Just about all of the measures discussed in that link are good ideas, and required by the latest residential code, but not what I would call "mitigation."

 

Quote

mitigation

noun

 

mit·i·ga·tion | \ ˌmi-tə-ˈgā-shən \

 

plural mitigations

 

Definition of mitigation

 

: the act of mitigating something or the state of being mitigated

: the process or result of making something less severe, dangerous, painful, harsh, or damaging mitigation of suffering mitigation of punishment

 

There was, in sum, a period during the Cold War … when a mitigation of the Cold War, including a renegotiation of some of its most troublesome tensions, was possible or even probable.

 

When talking about an existing house, to me "mitigation" addresses things the homeowner can do to lessen the risk of {whatever] WITHOUT having to take the house apart and rebuild it.
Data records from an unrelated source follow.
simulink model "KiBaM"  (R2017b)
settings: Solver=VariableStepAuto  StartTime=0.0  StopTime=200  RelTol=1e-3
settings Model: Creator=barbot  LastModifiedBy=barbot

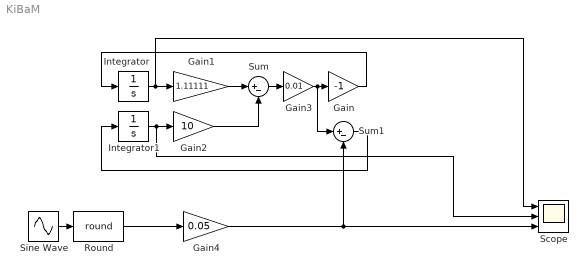
== system KiBaM ==
  Gain : Gain  Gain=-1
  Gain1 : Gain  Gain=1.11111
  Gain2 : Gain  Gain=10
  Gain3 : Gain  Gain=0.01
  Gain4 : Gain  Gain=0.05
  Integrator : Integrator  InitialCondition=9
  Integrator1 : Integrator  InitialCondition=1
  Round : Rounding  Operator=round
  Scope : Scope  NumInputPorts=3
  Sine Wave : Sin  Amplitude=0.5  Bias=0.5  Frequency=0.2  Phase=-1.57  SampleTime=0
  Sum : Sum  Inputs=|+-
  Sum1 : Sum  Inputs=|+-
  wires:
  Sum/1 -> Gain3/1
  Gain1/1 -> Sum/1
  Gain2/1 -> Sum/2
  Gain/1 -> Integrator/1
  Gain3/1 -> Sum1/1, Gain/1
  Sine Wave/1 -> Round/1
  Round/1 -> Gain4/1
  Sum1/1 -> Integrator1/1
  Gain4/1 -> Sum1/2, Scope/3
  Integrator/1 -> Scope/1, Gain1/1
  Integrator1/1 -> Scope/2, Gain2/1

Want "hurricane" nailing on your roof shingles? Too bad -- the only way to get it is to remove the roof and start over. Same with closer nailing of the roof sheathing to the rafters, or the latest code requirement -- taping the joints between the sheets of plywood on the roof. Sure, all that helps resist damage from high winds, but ... how can you do those things without tearing the house apart?

 

It turns out that I'm familiar with the procedures and philosophy of "wind mitigation," but I've never before heard it called that.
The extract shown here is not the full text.